▶ [Problem to work on] Return only the lines below starting at the line containing "## KiCad design circuit/modulo3-powamp.kicad_pcb" and ending at the line containing "C5, C6, C17, C18, C19: 33nF; C_1206", both included, exactly as they are and with no pictures.

▶ [Source data]
· · · · ·

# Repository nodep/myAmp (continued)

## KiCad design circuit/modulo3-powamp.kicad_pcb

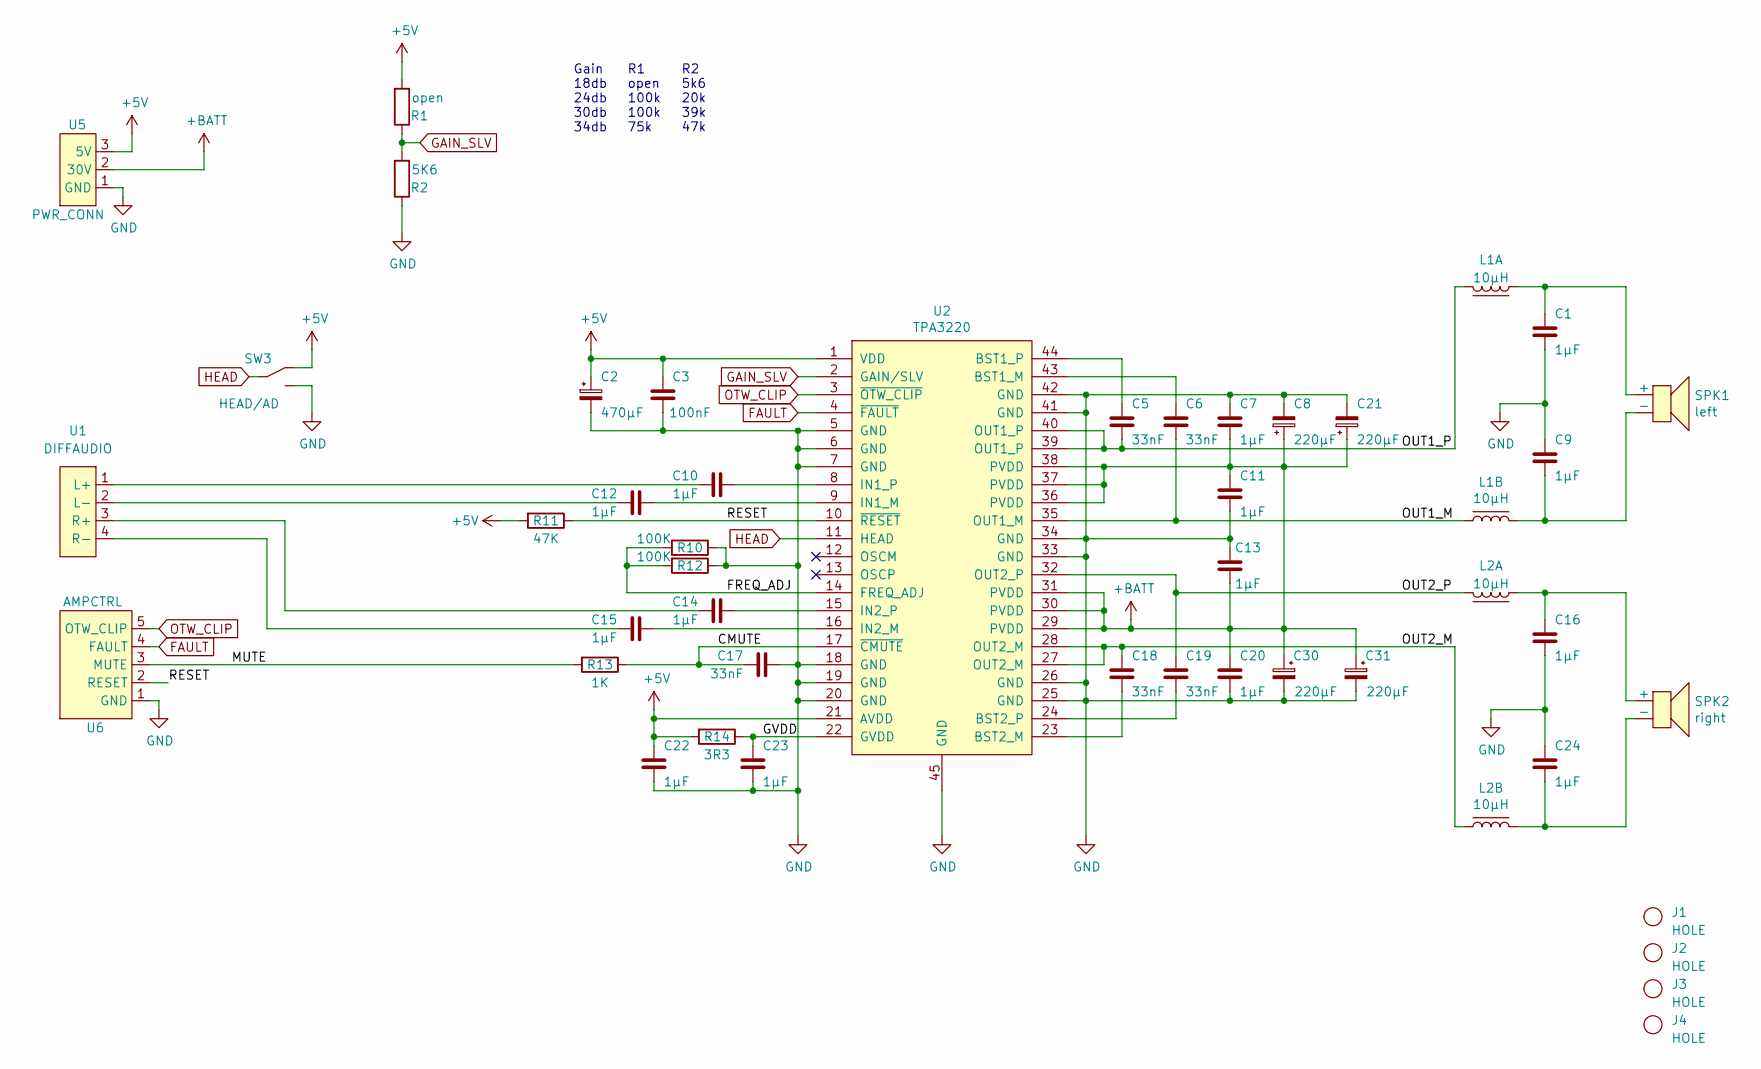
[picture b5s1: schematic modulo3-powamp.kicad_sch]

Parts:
C1, C9, C10, C12, C14, C15, C16, C24: 1μF; C_FILM_L7.2mm_W5.0mm_P5.00mm
C2: 470μF; CPOL_D8_P3.5
C3: 100nF; C_1206
C5, C6, C17, C18, C19: 33nF; C_1206
C7, C11, C13, C20, C22, C23: 1μF; C_1206
C8, C21, C30, C31: 220μF; CPOL_D10_P5
J1, J2, J3, J4: HOLE; MountingHole
L1, L2: 10μH; COILCRAFT-UA801x-AL
R1: open; R_10MM
R2: 5K6; R_10MM
R10, R12: 100K; R_10MM
R11: 47K; R_10MM
R13: 1K; R_10MM
R14: 3R3; R_0805
SPK1: left; SPKR_5MM_BLUE
SPK2: right; SPKR_5MM_BLUE
SW3: HEAD/AD; SW_SPDT_JUMPER
U1: DIFFAUDIO
U2: TPA3220; TSSOP-44_4.4x9.7mm_Pitch0.635mm_ThermalPad
U5: PWR_CONN
U6: AMPCTRL

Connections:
+5V: C2.1, C3.2, C22.1, R1.2, R11.2, R14.2, SW3.1, U2.1 (VDD), U2.21 (AVDD), U5.3 (5V)
+BATT: C7.2, C8.1, C11.1, C13.1, C20.1, C21.1, C30.1, C31.1, U2.29 (PVDD), U2.30 (PVDD), U2.31 (PVDD), U2.36 (PVDD), U2.37 (PVDD), U2.38 (PVDD), U5.2 (30V)
/CMUTE: C17.1, R13.1, U2.17 (~CMUTE)
/FREQ_ADJ: R10.2, R12.2, U2.14 (FREQ_ADJ)
/GVDD: C23.1, R14.1, U2.22 (GVDD)
/MUTE: R13.2, U6.3 (MUTE)
/OUT1_M: C6.2, L1.3, U2.35 (OUT1_M)
/OUT1_P: C5.2, L1.2, U2.39 (OUT1_P), U2.40 (OUT1_P)
/OUT2_M: C18.1, L2.3, U2.27 (OUT2_M), U2.28 (OUT2_M)
/OUT2_P: C19.1, L2.2, U2.32 (OUT2_P)
/RESET: R11.1, U2.10 (~RESET), U6.2 (RESET)
FAULT: U2.4 (~FAULT), U6.4 (FAULT)
GAIN_SLV: R1.1, R2.2, U2.2 (GAIN/SLV)
GND: C1.2, C2.2, C3.1, C7.1, C8.2, C9.1, C11.2, C13.2, C16.2, C17.2, C20.2, C21.2, C22.2, C23.2, C24.1, C30.2, C31.2, R2.1, R10.1, R12.1, SW3.3, U2.5 (GND), U2.6 (GND), U2.7 (GND), U2.18 (GND), U2.19 (GND), U2.20 (GND), U2.25 (GND), U2.26 (GND), U2.33 (GND), U2.34 (GND), U2.41 (GND), U2.42 (GND), U2.45 (GND), U5.1 (GND), U6.1 (GND)
HEAD: SW3.2, U2.11 (HEAD)
unnamed: C1.1, L1.1, SPK1.1 (+)
unnamed: C9.2, L1.4, SPK1.2 (-)
unnamed: C16.1, L2.1, SPK2.1 (+)
unnamed: C24.2, L2.4, SPK2.2 (-)
unnamed: C10.1, U1.1 (L+)
unnamed: C12.1, U1.2 (L-)
unnamed: C14.1, U1.3 (R+)
unnamed: C15.1, U1.4 (R-)
unnamed: C6.1, U2.43 (BST1_M)
unnamed: C5.1, U2.44 (BST1_P)
unnamed: C18.2, U2.23 (BST2_M)
unnamed: C19.2, U2.24 (BST2_P)
unnamed: C12.2, U2.9 (IN1_M)
unnamed: C10.2, U2.8 (IN1_P)
unnamed: C15.2, U2.16 (IN2_M)
unnamed: C14.2, U2.15 (IN2_P)
OTW_CLIP: U2.3 (~OTW_CLIP), U6.5 (OTW_CLIP)

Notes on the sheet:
Gain 18db 24db 30db 34db
R2 5k6 20k 39k 47k
R1 open 100k 100k 75k

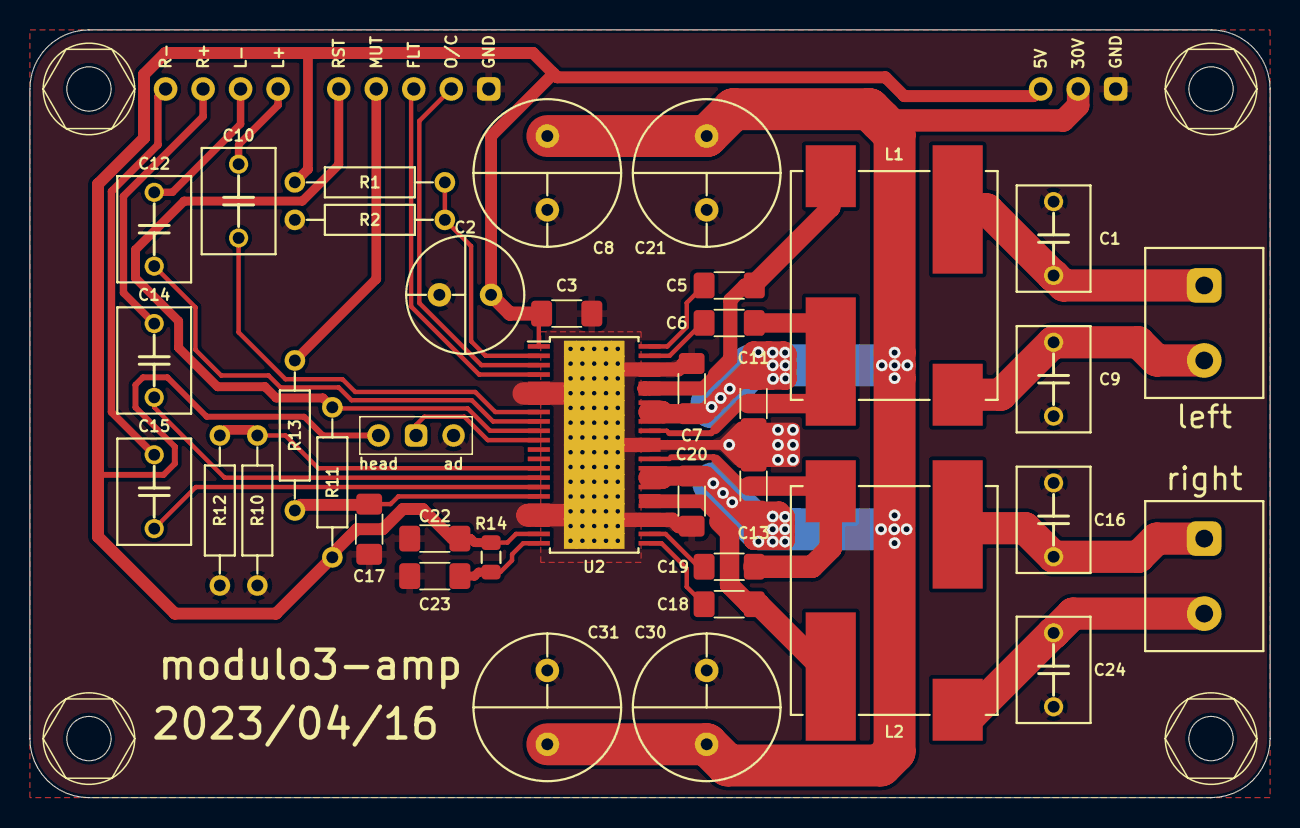
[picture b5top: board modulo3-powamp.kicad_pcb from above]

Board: 2 copper layers, 84.0 x 52.0 mm, 45 parts (0 on the bottom side), 32 nets.

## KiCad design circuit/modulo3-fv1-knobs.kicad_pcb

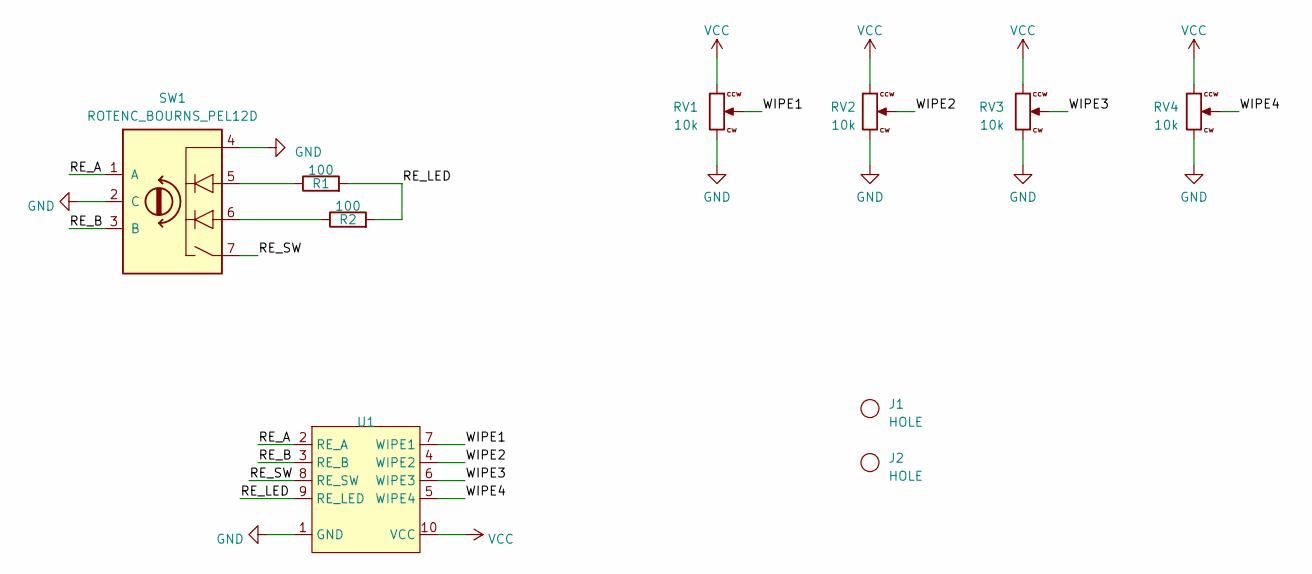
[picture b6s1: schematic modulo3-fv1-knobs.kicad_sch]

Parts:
J1, J2: HOLE; MountingHole
R1, R2: 100; R_10MM
RV1, RV2, RV3, RV4: 10k; BOURNS_PTD901_xx15K
SW1: ROTENC_BOURNS_PEL12D; BOURNS_PEL12D-2xxx
U1: KNOBS

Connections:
/RE_A: SW1.1 (A), U1.2 (RE_A)
/RE_B: SW1.3 (B), U1.3 (RE_B)
/RE_LED: R1.2, R2.2, U1.9 (RE_LED)
/RE_SW: SW1.7, U1.8 (RE_SW)
/WIPE1: RV1.2, U1.7 (WIPE1)
/WIPE2: RV2.2, U1.4 (WIPE2)
/WIPE3: RV3.2, U1.6 (WIPE3)
/WIPE4: RV4.2, U1.5 (WIPE4)
GND: RV1.3, RV2.3, RV3.3, RV4.3, SW1.2 (C), SW1.4, U1.1 (GND)
unnamed: R1.1, SW1.5
unnamed: R2.1, SW1.6
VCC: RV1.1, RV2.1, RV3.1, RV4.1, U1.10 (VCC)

· · · · ·

▶ [Task output]
## KiCad design circuit/modulo3-powamp.kicad_pcb

[picture b5s1: schematic modulo3-powamp.kicad_sch]

Parts:
C1, C9, C10, C12, C14, C15, C16, C24: 1μF; C_FILM_L7.2mm_W5.0mm_P5.00mm
C2: 470μF; CPOL_D8_P3.5
C3: 100nF; C_1206
C5, C6, C17, C18, C19: 33nF; C_1206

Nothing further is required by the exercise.